:: WORK TASK ::
Give back the data exactly, with no images.

:: Collection entries ::
--- START ---
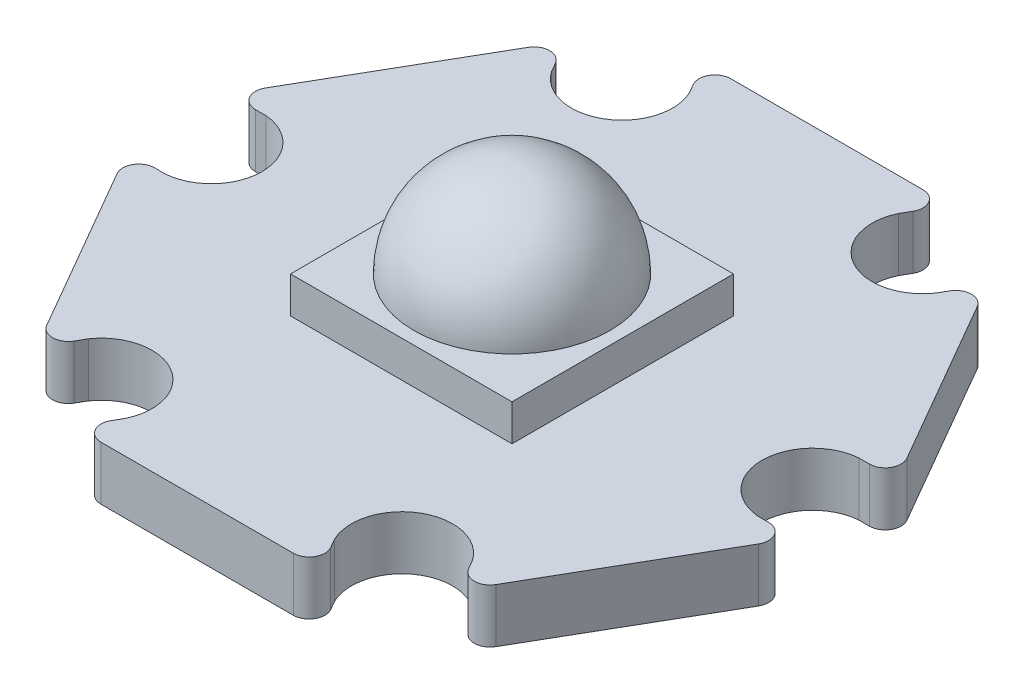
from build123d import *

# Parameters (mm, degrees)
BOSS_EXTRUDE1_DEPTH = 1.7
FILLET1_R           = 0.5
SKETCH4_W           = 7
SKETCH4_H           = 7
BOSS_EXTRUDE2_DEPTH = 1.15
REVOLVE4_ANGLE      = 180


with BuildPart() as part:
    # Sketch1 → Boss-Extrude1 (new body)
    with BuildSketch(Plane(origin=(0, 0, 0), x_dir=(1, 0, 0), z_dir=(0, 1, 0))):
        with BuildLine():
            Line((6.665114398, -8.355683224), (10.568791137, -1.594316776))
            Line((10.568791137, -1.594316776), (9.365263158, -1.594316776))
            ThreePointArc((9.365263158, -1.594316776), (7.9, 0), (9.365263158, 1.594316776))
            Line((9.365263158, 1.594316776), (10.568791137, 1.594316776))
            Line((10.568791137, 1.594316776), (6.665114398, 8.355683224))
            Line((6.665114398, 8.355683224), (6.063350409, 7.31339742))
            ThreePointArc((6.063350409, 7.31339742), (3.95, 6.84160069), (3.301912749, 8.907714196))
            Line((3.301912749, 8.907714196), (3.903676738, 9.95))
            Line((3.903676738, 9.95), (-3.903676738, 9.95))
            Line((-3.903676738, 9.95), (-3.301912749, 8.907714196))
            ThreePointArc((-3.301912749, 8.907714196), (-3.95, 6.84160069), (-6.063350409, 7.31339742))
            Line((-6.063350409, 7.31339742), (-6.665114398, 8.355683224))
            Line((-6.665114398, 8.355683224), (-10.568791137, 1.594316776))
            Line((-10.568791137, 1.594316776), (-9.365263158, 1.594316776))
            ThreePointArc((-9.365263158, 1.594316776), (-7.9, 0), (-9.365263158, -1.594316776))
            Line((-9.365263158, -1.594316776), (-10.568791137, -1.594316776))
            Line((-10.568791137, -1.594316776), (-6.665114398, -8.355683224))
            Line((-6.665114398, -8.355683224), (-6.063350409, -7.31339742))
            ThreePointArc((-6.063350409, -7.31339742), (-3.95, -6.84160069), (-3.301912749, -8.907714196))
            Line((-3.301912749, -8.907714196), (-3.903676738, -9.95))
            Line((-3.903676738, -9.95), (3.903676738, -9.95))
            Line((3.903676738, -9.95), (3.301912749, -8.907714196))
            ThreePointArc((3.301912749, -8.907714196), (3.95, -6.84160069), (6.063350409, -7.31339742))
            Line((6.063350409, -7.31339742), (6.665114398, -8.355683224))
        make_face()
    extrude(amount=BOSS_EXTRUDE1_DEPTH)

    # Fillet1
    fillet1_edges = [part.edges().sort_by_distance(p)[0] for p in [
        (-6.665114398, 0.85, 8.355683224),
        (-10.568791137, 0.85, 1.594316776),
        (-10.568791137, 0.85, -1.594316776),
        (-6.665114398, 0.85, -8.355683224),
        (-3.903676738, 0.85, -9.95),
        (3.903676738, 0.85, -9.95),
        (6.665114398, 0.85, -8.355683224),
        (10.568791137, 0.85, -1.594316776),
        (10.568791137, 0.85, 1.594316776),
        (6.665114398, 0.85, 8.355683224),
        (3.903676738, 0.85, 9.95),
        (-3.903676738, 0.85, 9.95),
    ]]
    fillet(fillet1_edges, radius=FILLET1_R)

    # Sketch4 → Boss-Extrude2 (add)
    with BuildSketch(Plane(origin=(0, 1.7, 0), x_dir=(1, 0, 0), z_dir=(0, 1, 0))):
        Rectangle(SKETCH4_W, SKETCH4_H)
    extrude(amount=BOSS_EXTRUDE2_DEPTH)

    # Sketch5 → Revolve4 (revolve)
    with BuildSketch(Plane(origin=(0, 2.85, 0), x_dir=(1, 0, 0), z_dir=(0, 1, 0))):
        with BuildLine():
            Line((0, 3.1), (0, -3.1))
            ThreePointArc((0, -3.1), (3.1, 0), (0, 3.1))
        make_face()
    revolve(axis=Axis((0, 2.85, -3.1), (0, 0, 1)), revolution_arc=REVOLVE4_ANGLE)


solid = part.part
--- END ---
:: WRITTEN ANSWER ::
from build123d import *

# Parameters (mm, degrees)
BOSS_EXTRUDE1_DEPTH = 1.7
FILLET1_R           = 0.5
SKETCH4_W           = 7
SKETCH4_H           = 7
BOSS_EXTRUDE2_DEPTH = 1.15
REVOLVE4_ANGLE      = 180


with BuildPart() as part:
    # Sketch1 → Boss-Extrude1 (new body)
    with BuildSketch(Plane(origin=(0, 0, 0), x_dir=(1, 0, 0), z_dir=(0, 1, 0))):
        with BuildLine():
            Line((6.665114398, -8.355683224), (10.568791137, -1.594316776))
            Line((10.568791137, -1.594316776), (9.365263158, -1.594316776))
            ThreePointArc((9.365263158, -1.594316776), (7.9, 0), (9.365263158, 1.594316776))
            Line((9.365263158, 1.594316776), (10.568791137, 1.594316776))
            Line((10.568791137, 1.594316776), (6.665114398, 8.355683224))
            Line((6.665114398, 8.355683224), (6.063350409, 7.31339742))
            ThreePointArc((6.063350409, 7.31339742), (3.95, 6.84160069), (3.301912749, 8.907714196))
            Line((3.301912749, 8.907714196), (3.903676738, 9.95))
            Line((3.903676738, 9.95), (-3.903676738, 9.95))
            Line((-3.903676738, 9.95), (-3.301912749, 8.907714196))
            ThreePointArc((-3.301912749, 8.907714196), (-3.95, 6.84160069), (-6.063350409, 7.31339742))
            Line((-6.063350409, 7.31339742), (-6.665114398, 8.355683224))
            Line((-6.665114398, 8.355683224), (-10.568791137, 1.594316776))
            Line((-10.568791137, 1.594316776), (-9.365263158, 1.594316776))
            ThreePointArc((-9.365263158, 1.594316776), (-7.9, 0), (-9.365263158, -1.594316776))
            Line((-9.365263158, -1.594316776), (-10.568791137, -1.594316776))
            Line((-10.568791137, -1.594316776), (-6.665114398, -8.355683224))
            Line((-6.665114398, -8.355683224), (-6.063350409, -7.31339742))
            ThreePointArc((-6.063350409, -7.31339742), (-3.95, -6.84160069), (-3.301912749, -8.907714196))
            Line((-3.301912749, -8.907714196), (-3.903676738, -9.95))
            Line((-3.903676738, -9.95), (3.903676738, -9.95))
            Line((3.903676738, -9.95), (3.301912749, -8.907714196))
            ThreePointArc((3.301912749, -8.907714196), (3.95, -6.84160069), (6.063350409, -7.31339742))
            Line((6.063350409, -7.31339742), (6.665114398, -8.355683224))
        make_face()
    extrude(amount=BOSS_EXTRUDE1_DEPTH)

    # Fillet1
    fillet1_edges = [part.edges().sort_by_distance(p)[0] for p in [
        (-6.665114398, 0.85, 8.355683224),
        (-10.568791137, 0.85, 1.594316776),
        (-10.568791137, 0.85, -1.594316776),
        (-6.665114398, 0.85, -8.355683224),
        (-3.903676738, 0.85, -9.95),
        (3.903676738, 0.85, -9.95),
        (6.665114398, 0.85, -8.355683224),
        (10.568791137, 0.85, -1.594316776),
        (10.568791137, 0.85, 1.594316776),
        (6.665114398, 0.85, 8.355683224),
        (3.903676738, 0.85, 9.95),
        (-3.903676738, 0.85, 9.95),
    ]]
    fillet(fillet1_edges, radius=FILLET1_R)

    # Sketch4 → Boss-Extrude2 (add)
    with BuildSketch(Plane(origin=(0, 1.7, 0), x_dir=(1, 0, 0), z_dir=(0, 1, 0))):
        Rectangle(SKETCH4_W, SKETCH4_H)
    extrude(amount=BOSS_EXTRUDE2_DEPTH)

    # Sketch5 → Revolve4 (revolve)
    with BuildSketch(Plane(origin=(0, 2.85, 0), x_dir=(1, 0, 0), z_dir=(0, 1, 0))):
        with BuildLine():
            Line((0, 3.1), (0, -3.1))
            ThreePointArc((0, -3.1), (3.1, 0), (0, 3.1))
        make_face()
    revolve(axis=Axis((0, 2.85, -3.1), (0, 0, 1)), revolution_arc=REVOLVE4_ANGLE)


solid = part.part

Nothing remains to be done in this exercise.